Frequently Asked Questions

Why is BSA used for drug dosing instead of weight?

BSA correlates more closely than weight with several physiological parameters that affect drug metabolism, including cardiac output, blood volume, renal function, and basal metabolic rate. Using BSA-based dosing produces more consistent drug plasma levels across patients of different sizes compared to weight-based dosing. This is particularly important for drugs with narrow therapeutic windows, like chemotherapy agents, where small dosing errors can lead to either toxicity or treatment failure.

Which BSA formula is best?

The Mosteller formula is often recommended for general clinical use due to its simplicity and accuracy. The Du Bois formula is the most historically cited and remains widely used. For pediatric patients, the Haycock formula is often preferred. In practice, the differences between formulas are small (typically less than 5% for most patients). Consistency — using the same formula throughout a patient's treatment — is more important than the specific formula chosen.

How does obesity affect BSA calculations?

Standard BSA formulas using actual body weight may overestimate BSA in obese patients because excess adipose tissue does not proportionally increase body surface area. This can lead to chemotherapy overdosing. Some oncology protocols address this by capping BSA at 2.0 m², using adjusted body weight, or specifying that actual body weight should still be used (following ASCO guidelines). Always follow the specific dosing protocol for the drug being administered.

Can BSA be measured directly?

Direct measurement of BSA is possible but impractical for routine clinical use. Historical methods involved coating the body surface with material and measuring the area, or using 3D body scanning technology. These direct measurements were used to validate the mathematical formulas. For clinical practice, formula-based estimation is universally accepted and provides sufficient accuracy for its intended applications.

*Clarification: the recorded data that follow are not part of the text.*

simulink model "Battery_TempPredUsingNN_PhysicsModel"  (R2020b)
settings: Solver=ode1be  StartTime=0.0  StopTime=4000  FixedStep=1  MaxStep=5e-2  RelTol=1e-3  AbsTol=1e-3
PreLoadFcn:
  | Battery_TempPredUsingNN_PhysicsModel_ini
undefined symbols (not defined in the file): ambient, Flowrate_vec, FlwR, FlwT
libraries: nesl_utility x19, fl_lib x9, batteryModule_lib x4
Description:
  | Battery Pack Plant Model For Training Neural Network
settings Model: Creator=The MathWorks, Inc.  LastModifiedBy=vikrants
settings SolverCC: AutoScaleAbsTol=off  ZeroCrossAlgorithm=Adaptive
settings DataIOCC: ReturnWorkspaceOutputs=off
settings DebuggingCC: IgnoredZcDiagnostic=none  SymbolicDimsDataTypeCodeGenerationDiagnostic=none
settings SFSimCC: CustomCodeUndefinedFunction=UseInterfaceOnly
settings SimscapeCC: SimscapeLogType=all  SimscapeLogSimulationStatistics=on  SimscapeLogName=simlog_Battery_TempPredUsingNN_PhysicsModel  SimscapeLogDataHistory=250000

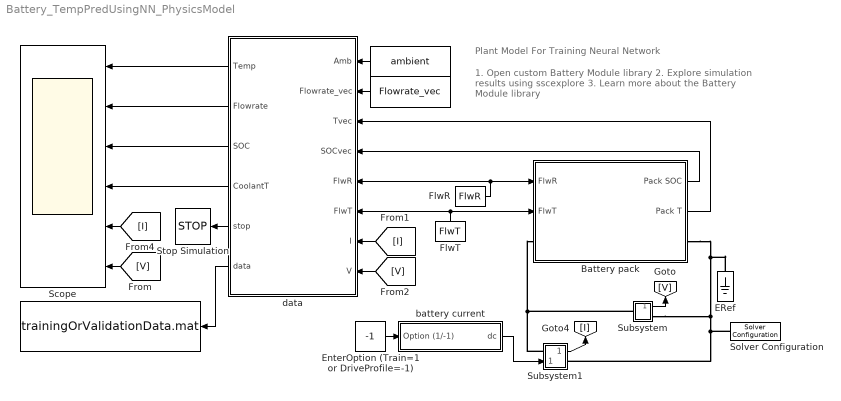
== system Battery_TempPredUsingNN_PhysicsModel ==
  note: Plant Model For Training Neural Network
  note: 1. Open custom Battery Module library
      | 2. Explore simulation results using sscexplore
      | 3. Learn more about the Battery Module library
  " " : ToFile  Filename=trainingOrValidationData.mat  MatrixName=validate_X  SaveFormat=Timeseries
  "    " : Constant  Value=Flowrate_vec
  "       " : Constant  Value=ambient
  Battery pack : Subsystem
      mask Display: image('Battery_Management_System_icon.png'); % Use "Edit Image" on toolstrip to change.
  "ERef " : fl_lib/Electrical/Electrical Elements/Electrical Reference
  EnterOption (Train=1 or DriveProfile=-1) : Constant  Value=-1
  FlwR : Constant  Value=FlwR
  FlwT : Constant  Value=FlwT
  Scope : Scope  NumInputPorts=6
  Solver Configuration : nesl_utility/Solver Configuration  PhysicalDomain=network_engine_domain  SubClassName=solver  LeftPortType=input  RightPortType=generic  Tones=[]  Harmonics=[]  SimulateNoise=off  Profile=off  UseLocalSampling=off  EnableSwitchedLinearOptims=on  FrequencyDomain=off  UseCCode=off  RelTol=0.001  AbsTol=1e-06  MinStep=1e-09  ToWorkspace=off  RevertToSquareIcSolve=off  NumHomotopyIterations=100  PhasorMode=off  PhasorModeNumHarmonics=1  DoDC=off  ResidualTolerance=1e-09  UseLocalSolver=on  LocalSolverChoice=NE_BACKWARD_EULER_ADVANCER  LocalSolverSampleTime=1  DoFixedCost=on  MaxNonlinIter=3  MaxModeIter=2  ComputeImpulses=off  ImpulseIterations=1  LinearAlgebra=auto  EquationFormulation=NE_TIME_EF  DelaysMemoryBudget=1024  AutomaticFiltering=on  FilteringTimeConstant=0.001  PartitionStorageMethod=AS_NEEDED  PartitionMemoryBudget=1024  PartitionMethod=ROBUST
      settings: SourceProductBaseCode=PW,SS
  Stop Simulation : Stop
  Subsystem : Subsystem
  Subsystem1 : Subsystem
      settings: PortSchema="{\"entries\":[{\"content\":{\"sides\":[{\"content\":{\"connectorIds\":[\"LConn1\",\"In1\"]},\"type\":\"ConnectorPlacement.EquallySpacedRectSide\",\"uuid\":\"67d2af16-eb6a-4131-a21a-c97dc5606bfb\"},{\"content\":{\"connectorIds\":[\"Out1\",\"RConn1\"],\"side\":\"RIGHT\"},\"type\":\"ConnectorPlacement.EquallySpacedRectSide\",\"uuid\":\"35a4b5c9-72e5-421e-bb7c-ed2a1ed376d5\"},{\"content\":{\"connectorIds\":[],\"side\":\"TOP\"},\"type\":\"ConnectorPlacement.EquallySpacedRectSide\",\"uuid\":\"8dbff2ba-7191-4b7c-8c3d-553f583a3f33\"},{\"content\":{\"connectorIds\":[],\"side\":\"HIDDEN\"},\"type\":\"ConnectorPlacement.EquallySpacedRectSide\",\"uuid\":\"d4ede02e-0aa1-49c8-8ab9-b8bb5b8f4755\"}]},\"type\":\"ConnectorPlacement.EquallySpacedConnector\",\"uuid\":\"f2085621-9cc2-4a00-8d4f-41f8dda0152d\"}],\"packageUris\":[\"http://schema.mathworks.com/mf0/Connector/R2020b\"],\"version\":\"1.0\"}"
  battery current : Subsystem
  data : Subsystem
  wires:
  Battery pack/2(Pack T) -> data/3(Tvec)
  Battery pack/1(Pack SOC) -> data/4(SOCvec)
  "    "/1 -> data/2(Flowrate_vec)
  "       "/1 -> data/1(Amb)
  [I] -> Scope/5
  data/3(SOC) -> Scope/3
  data/2(Flowrate) -> Scope/2
  FlwT/1 -> data/6(FlwT), Battery pack/2(FlwT)
  data/4(CoolantT) -> Scope/4
  [V] -> Scope/6
  [I] -> data/7(I)
  data/5(stop) -> Stop Simulation/1
  data/6(data) -> " "/1
  [V] -> data/8(V)
  data/1(Temp) -> Scope/1
  FlwR/1 -> Battery pack/1(FlwR), data/5(FlwR)
  Subsystem/1("   ") -> [V]
  Subsystem1/1("   ") -> [I]
  EnterOption (Train=1 or DriveProfile=-1)/1 -> battery current/1(Option (1/-1))
  battery current/1(dc) -> Subsystem1/1(dc)
  connections:
  Battery pack/RConn1 -- "ERef "/LConn1 -- Solver Configuration/RConn1 -- Subsystem1/RConn1 -- Subsystem/RConn1
  Subsystem/LConn1 -- Subsystem1/LConn1 -- Battery pack/LConn1

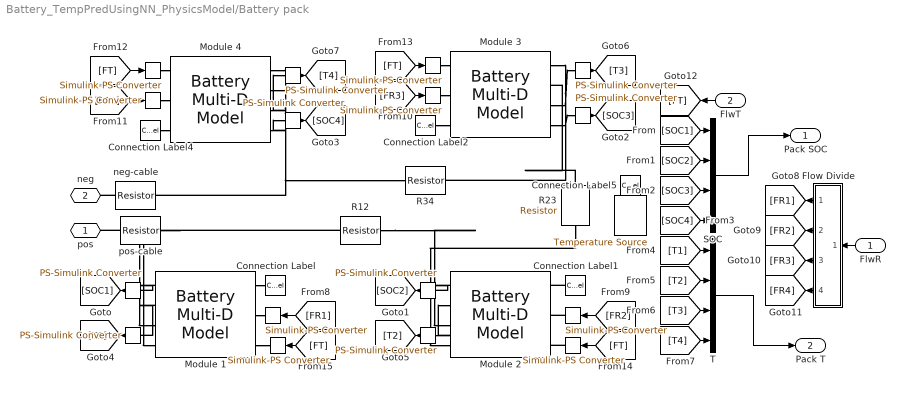
== system Battery_TempPredUsingNN_PhysicsModel/Battery pack ==
  FlwR : Inport
  FlwT : Inport  Port=2
  " " : nesl_utility/PS-Simulink Converter  PhysicalDomain=network_engine_domain  SubClassName=ps_output  LeftPortType=input  RightPortType=output  PseudoPeriodic=off  Frequencies=[]  Unit=inherit  AffineConversion=off
      settings: SourceProductBaseCode=PW,SS
  "  " : nesl_utility/PS-Simulink Converter  PhysicalDomain=network_engine_domain  SubClassName=ps_output  LeftPortType=input  RightPortType=output  PseudoPeriodic=off  Frequencies=[]  Unit=inherit  AffineConversion=off
      settings: SourceProductBaseCode=PW,SS
  "   " : nesl_utility/PS-Simulink Converter  PhysicalDomain=network_engine_domain  SubClassName=ps_output  LeftPortType=input  RightPortType=output  PseudoPeriodic=off  Frequencies=[]  Unit=inherit  AffineConversion=off
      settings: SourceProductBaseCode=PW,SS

What is the average BSA for adults?

The average BSA for adult men is approximately 1.7-2.0 m² and for adult women approximately 1.5-1.7 m². A commonly referenced average for adults is 1.73 m², which is also the value used to normalize glomerular filtration rate (GFR) in kidney function tests. Individual BSA varies significantly based on height and weight, with values ranging from about 1.2 m² for small adults to over 2.5 m² for very large individuals.

Is BSA different for children?

Children have a higher BSA-to-weight ratio than adults because they are proportionally shorter and lighter. A newborn has a BSA of approximately 0.2-0.25 m², while a 10-year-old typically has a BSA of approximately 1.0-1.2 m². This higher surface-area-to-mass ratio affects heat regulation, fluid requirements, and drug metabolism. Pediatric drug dosing often uses BSA rather than weight for these reasons, and formulas validated for pediatric populations (like Haycock) should be used.